The other big challenge in NGS is processing FFPE samples. The process of formalin fixation causes several significant challenges for NGS scientists. Formalin fixation crosslinks the nucleic acids and makes the genetic information inaccessible for NGS library creation. Moreover, the nucleic acid often becomes highly fragmented, impacting the library yield and quality. Lastly, the nucleic acids themselves can undergo base pair modifications, posing unique bioinformatics challenges in the NGS data. However, Beckman Coulter, again, offers a way — the FormaPure DNA extraction kit can be used for extracting both DNA and RNA from the same sample. This kit works by first solubilizing the paraffin, before digesting the tissue and releasing the nucleic acids, finally de-crosslinking it at a high temperature. FFPE DNA and RNA extraction can also be coupled with automation.

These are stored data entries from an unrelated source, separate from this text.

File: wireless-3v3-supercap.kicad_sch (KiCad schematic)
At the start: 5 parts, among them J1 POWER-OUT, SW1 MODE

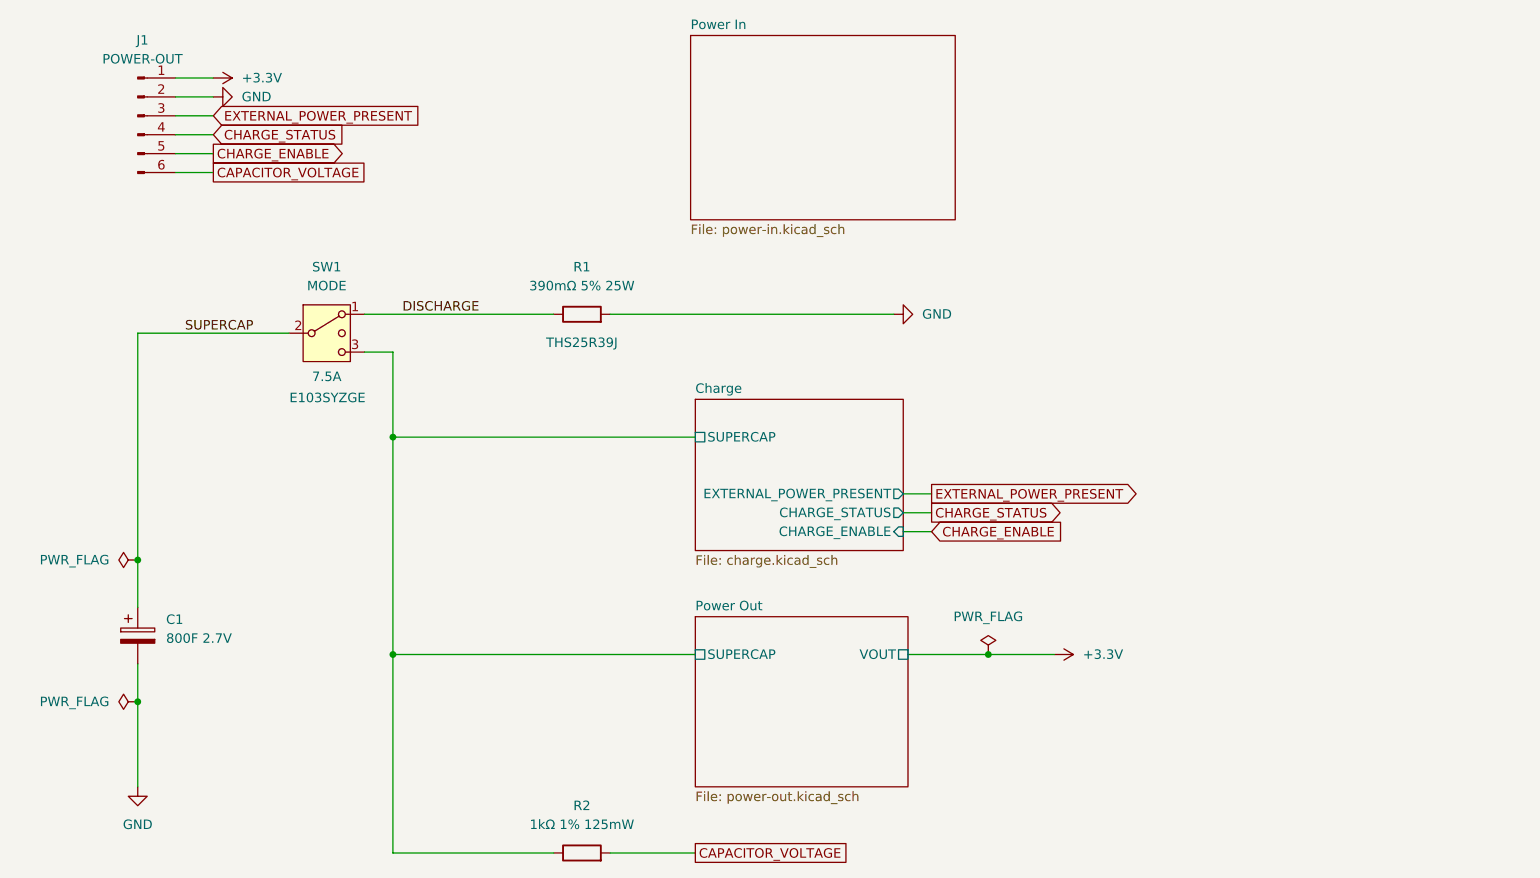
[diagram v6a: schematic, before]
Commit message: Add inductor and finish power out layout
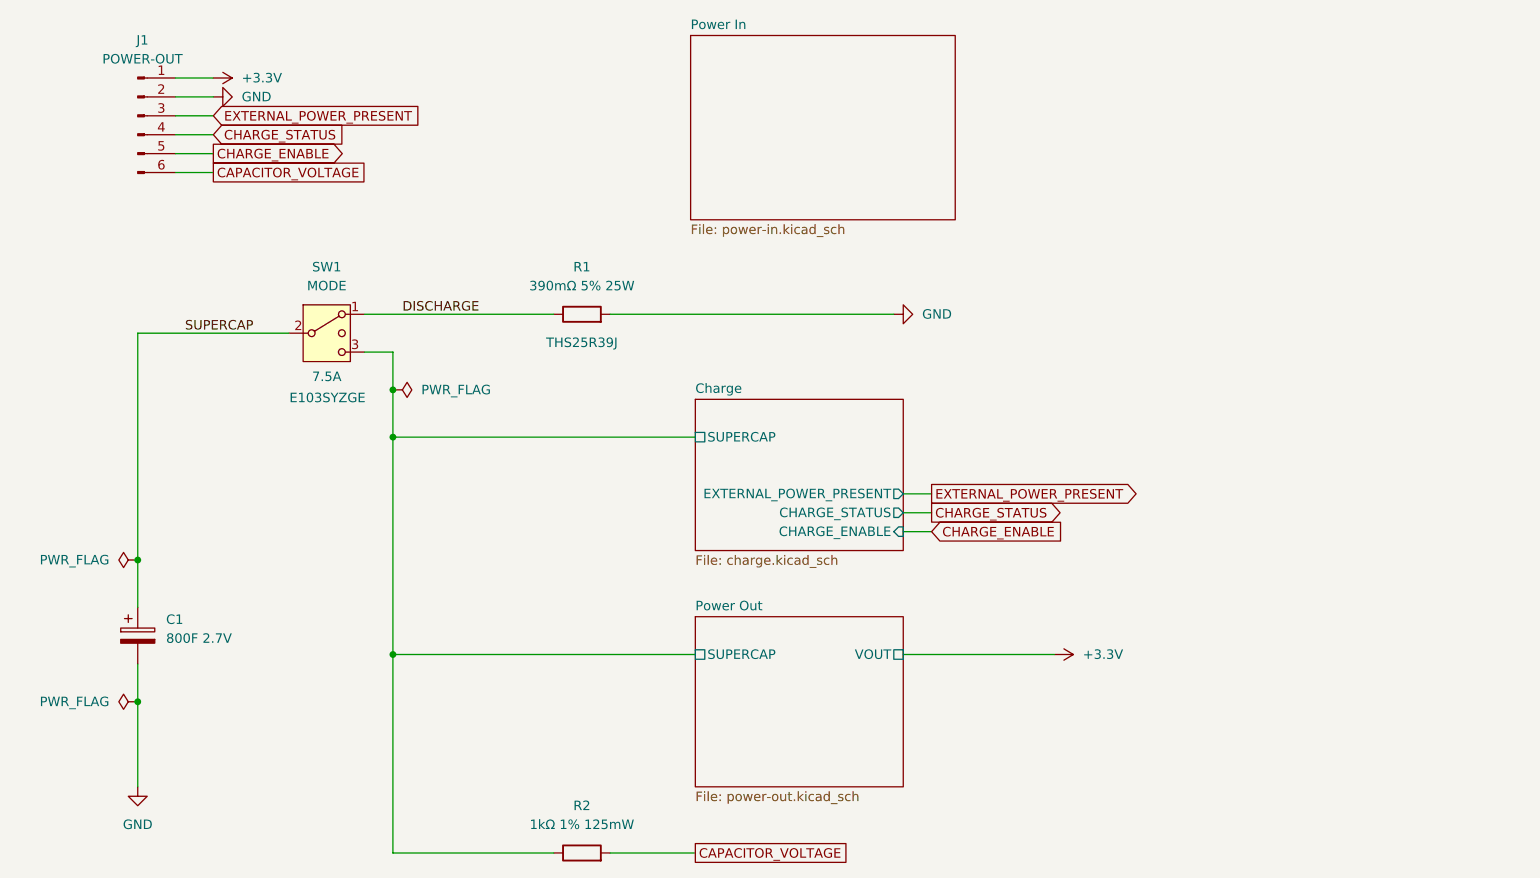
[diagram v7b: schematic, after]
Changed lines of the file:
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@@
 	)
 	(junction
-		(at 139.7 92.71)
+		(at 59.69 57.15)
 		(diameter 0)
 		(color 0 0 0 0)
@@
 	(wire
 		(pts
-			(xy 59.69 52.07) (xy 59.69 63.5)
+			(xy 59.69 52.07) (xy 59.69 57.15)
 		)
 		(stroke
@@
 	(wire
 		(pts
+			(xy 59.69 57.15) (xy 59.69 63.5)
+		)
+		(stroke
+			(width 0)
+			(type default)
+		)
+	)
+	(wire
+		(pts
 			(xy 25.4 93.98) (xy 25.4 99.06)
 		)
@@
 	(wire
 		(pts
-			(xy 128.905 92.71) (xy 139.7 92.71)
-		)
-		(stroke
-			(width 0)
-			(type default)
-		)
-	)
-	(wire
-		(pts
 			(xy 55.88 46.99) (xy 81.28 46.99)
 		)
@@
 	(wire
 		(pts
-			(xy 139.7 92.71) (xy 148.59 92.71)
-		)
-		(stroke
-			(width 0)
-			(type default)
-		)
-	)
-	(wire
-		(pts
 			(xy 59.69 92.71) (xy 59.69 119.38)
 		)
@@
 		(pts
 			(xy 30.48 15.24) (xy 35.56 15.24)
+		)
+		(stroke
+			(width 0)
+			(type default)
+		)
+	)
+	(wire
+		(pts
+			(xy 128.27 92.71) (xy 148.59 92.71)
 		)
 		(stroke
@@
 				(justify left)
 				(hide yes)
-			)
-		)
-	)
-	(symbol
-		(lib_id "power:PWR_FLAG")
-		(at 139.7 92.71 0)
-		(unit 1)
-		(exclude_from_sim no)
-		(in_bom yes)
-		(on_board yes)
-		(dnp no)
-		(fields_autoplaced yes)
-		(property "Reference" "#FLG03"
-			(at 139.7 90.805 0)
-			(effects
-				(font
-					(size 1.27 1.27)
-				)
-				(hide yes)
-			)
-		)
-		(property "Value" "PWR_FLAG"
-			(at 139.7 87.63 0)
-			(effects
-				(font
-					(size 1.27 1.27)
-				)
-			)
-		)
-		(property "Footprint" ""
-			(at 139.7 92.71 0)
-			(effects
-				(font
-					(size 1.27 1.27)
-				)
-				(hide yes)
-			)
-		)
-		(property "Datasheet" "~"
-			(at 139.7 92.71 0)
-			(effects
-				(font
-					(size 1.27 1.27)
-				)
-				(hide yes)
-			)
-		)
-		(property "Description" "Special symbol for telling ERC where power comes from"
-			(at 139.7 92.71 0)
-			(effects
-				(font
-					(size 1.27 1.27)
-				)
-				(hide yes)
-			)
-		)
-		(pin "1"
-		)
-		(instances
-			(project ""
-				(path "/01e6e533-9ed1-4dde-bac5-1959ff8991e5"
-					(reference "#FLG03")
-					(unit 1)
-				)
 			)
 		)
@@
 	)
 	(symbol
+		(lib_id "power:PWR_FLAG")
+		(at 59.69 57.15 270)
+		(unit 1)
+		(exclude_from_sim no)
+		(in_bom yes)
+		(on_board yes)
+		(dnp no)
+		(fields_autoplaced yes)
+		(property "Reference" "#FLG03"
+			(at 61.595 57.15 0)
+			(effects
+				(font
+					(size 1.27 1.27)
+				)
+				(hide yes)
+			)
+		)
+		(property "Value" "PWR_FLAG"
+			(at 63.5 57.1499 90)
+			(effects
+				(font
+					(size 1.27 1.27)
+				)
+				(justify left)
+			)
+		)
+		(property "Footprint" ""
+			(at 59.69 57.15 0)
+			(effects
+				(font
+					(size 1.27 1.27)
+				)
+				(hide yes)
+			)
+		)
+		(property "Datasheet" "~"
+			(at 59.69 57.15 0)
+			(effects
+				(font
+					(size 1.27 1.27)
+				)
+				(hide yes)
+			)
+		)
+		(property "Description" "Special symbol for telling ERC where power comes from"
+			(at 59.69 57.15 0)
+			(effects
+				(font
+					(size 1.27 1.27)
+				)
+				(hide yes)
+			)
+		)
+		(pin "1"
+		)
+		(instances
+			(project "wireless-3v3-supercap"
+				(path "/01e6e533-9ed1-4dde-bac5-1959ff8991e5"
+					(reference "#FLG03")
+					(unit 1)
+				)
+			)
+		)
+	)
+	(symbol
 		(lib_id "power:+3.3V")
 		(at 148.59 92.71 270)
@@
 	(sheet
 		(at 100.33 87.63)
-		(size 28.575 22.86)
+		(size 27.94 22.86)
 		(exclude_from_sim no)
 		(in_bom yes)
@@
 		)
 		(pin "VOUT" passive
-			(at 128.905 92.71 0)
-			(effects
-				(font
+			(at 128.27 92.71 0)
+			(effects
+				(font

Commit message: Prefix all of the references so that the numbering is manageable across multiple circuits
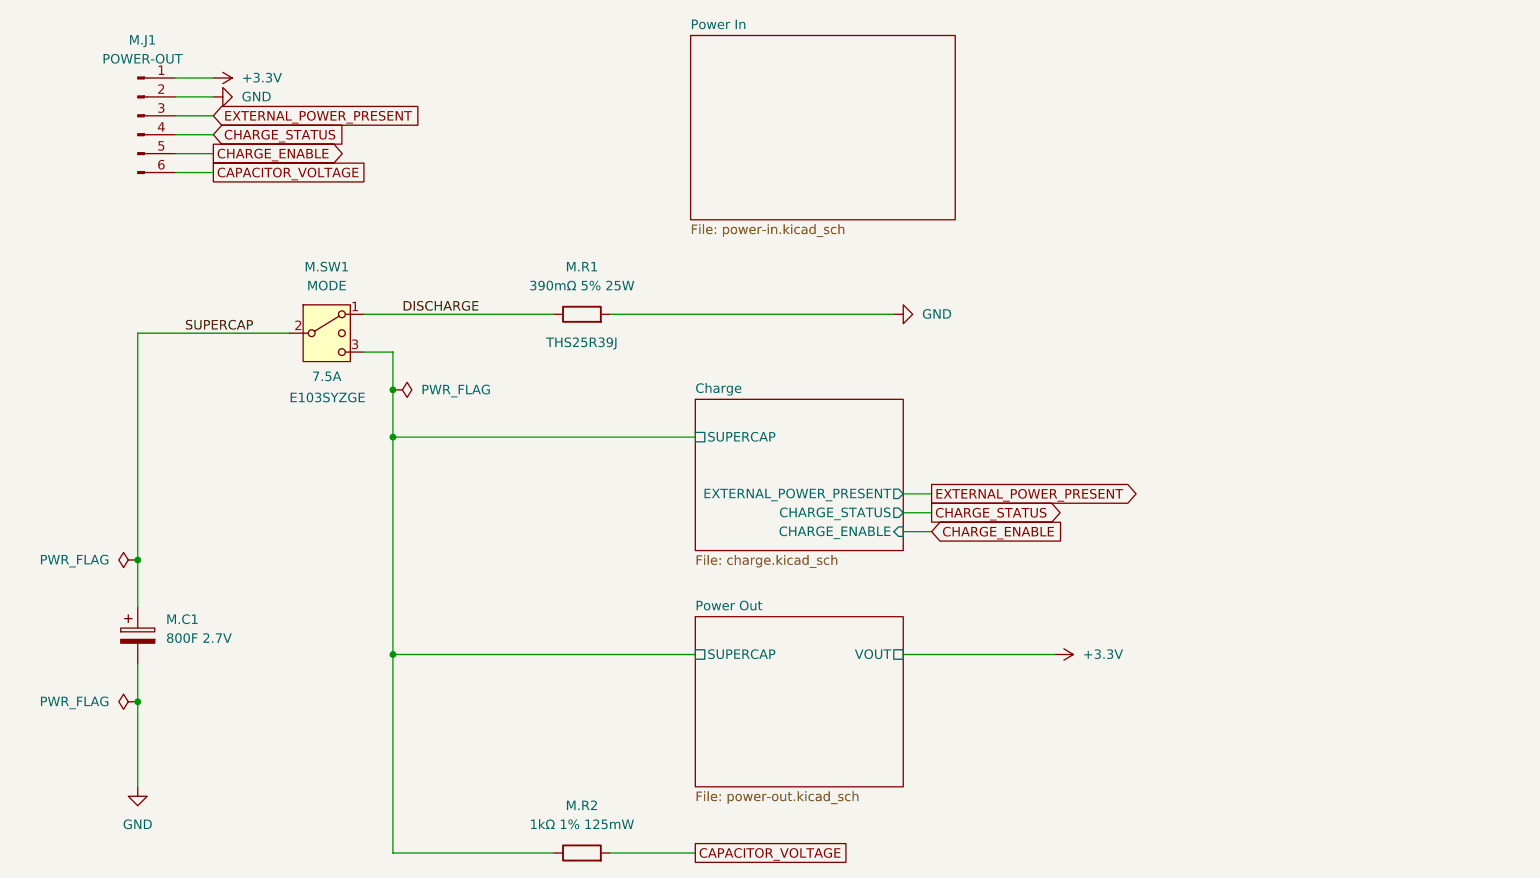
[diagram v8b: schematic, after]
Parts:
- renumbered C1 to M.C1, J1 to M.J1, R1 to M.R1, R2 to M.R2, SW1 to M.SW1
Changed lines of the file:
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@@
 		(dnp no)
 		(fields_autoplaced yes)
-		(property "Reference" "J1"
+		(property "Reference" "M.J1"
 			(at 26.035 10.16 0)
 			(effects
@@
 			(project ""
 				(path "/01e6e533-9ed1-4dde-bac5-1959ff8991e5"
-					(reference "J1")
+					(reference "M.J1")
 					(unit 1)
 				)
@@
 		(on_board yes)
 		(dnp no)
-		(property "Reference" "R1"
+		(property "Reference" "M.R1"
 			(at 85.09 40.64 90)
 			(effects
@@
 			(project ""
 				(path "/01e6e533-9ed1-4dde-bac5-1959ff8991e5"
-					(reference "R1")
+					(reference "M.R1")
 					(unit 1)
 				)
@@
 		(dnp no)
 		(fields_autoplaced yes)
-		(property "Reference" "R2"
+		(property "Reference" "M.R2"
 			(at 85.09 113.03 90)
 			(effects
@@
 			(project ""
 				(path "/01e6e533-9ed1-4dde-bac5-1959ff8991e5"
-					(reference "R2")
+					(reference "M.R2")
 					(unit 1)
 				)
@@
 		(on_board yes)
 		(dnp no)
-		(property "Reference" "SW1"
+		(property "Reference" "M.SW1"
 			(at 50.8 40.64 0)
 			(effects
@@
 			(project ""
 				(path "/01e6e533-9ed1-4dde-bac5-1959ff8991e5"
-					(reference "SW1")
+					(reference "M.SW1")
 					(unit 1)
 				)
@@
 		(dnp no)
 		(fields_autoplaced yes)
-		(property "Reference" "C1"
+		(property "Reference" "M.C1"
 			(at 29.21 88.0109 0)
 			(effects
@@
 			(project ""
 				(path "/01e6e533-9ed1-4dde-bac5-1959ff8991e5"
-					(reference "C1")
-					(unit 1)
-				)
+					(reference "M.C1")
+					(unit 1)
+				)

“NEXT is looking at automation for our NGS protocols as sample volumes increase and where value can be added,” adds Dr. Harris. NEXT Molecular Diagnostics in Chester, Virginia, is headed by Dr. Harris and two long-time colleagues. In addition to handling independent projects, they also provide life sciences research and diagnostic support to scientists and physicians alike. To deliver fast and reliable results for their clients, NEXT has robust workflows in place. Commenting on sample workflows, Dr. Harris says, “Since we first founded the predecessor company to NEXT in 1992, Beckman Coulter instruments have played an integral role. Over the years, we have used Beckman instruments and reagents in virtually all aspects of our research programs. Currently, we are equipped with Avanti and Allegra centrifuges, and Beckman microfuges which we use daily for sample prep. In fact, the Avanti is intrinsic to no fewer than four validated extraction protocols, and I dare say, without it, we would not be able to proceed with these studies.”
Aside from the sequencing project on inherited cancer mutation, the NEXT team will be rolling up their sleeves for more collaborations in the future. “Working with industry and university investigators, we are also looking at adenosine levels and enzymes affecting adenosine in different tumor and tissue samples,” says Dr. Harris, as he continues contributing to precision oncology.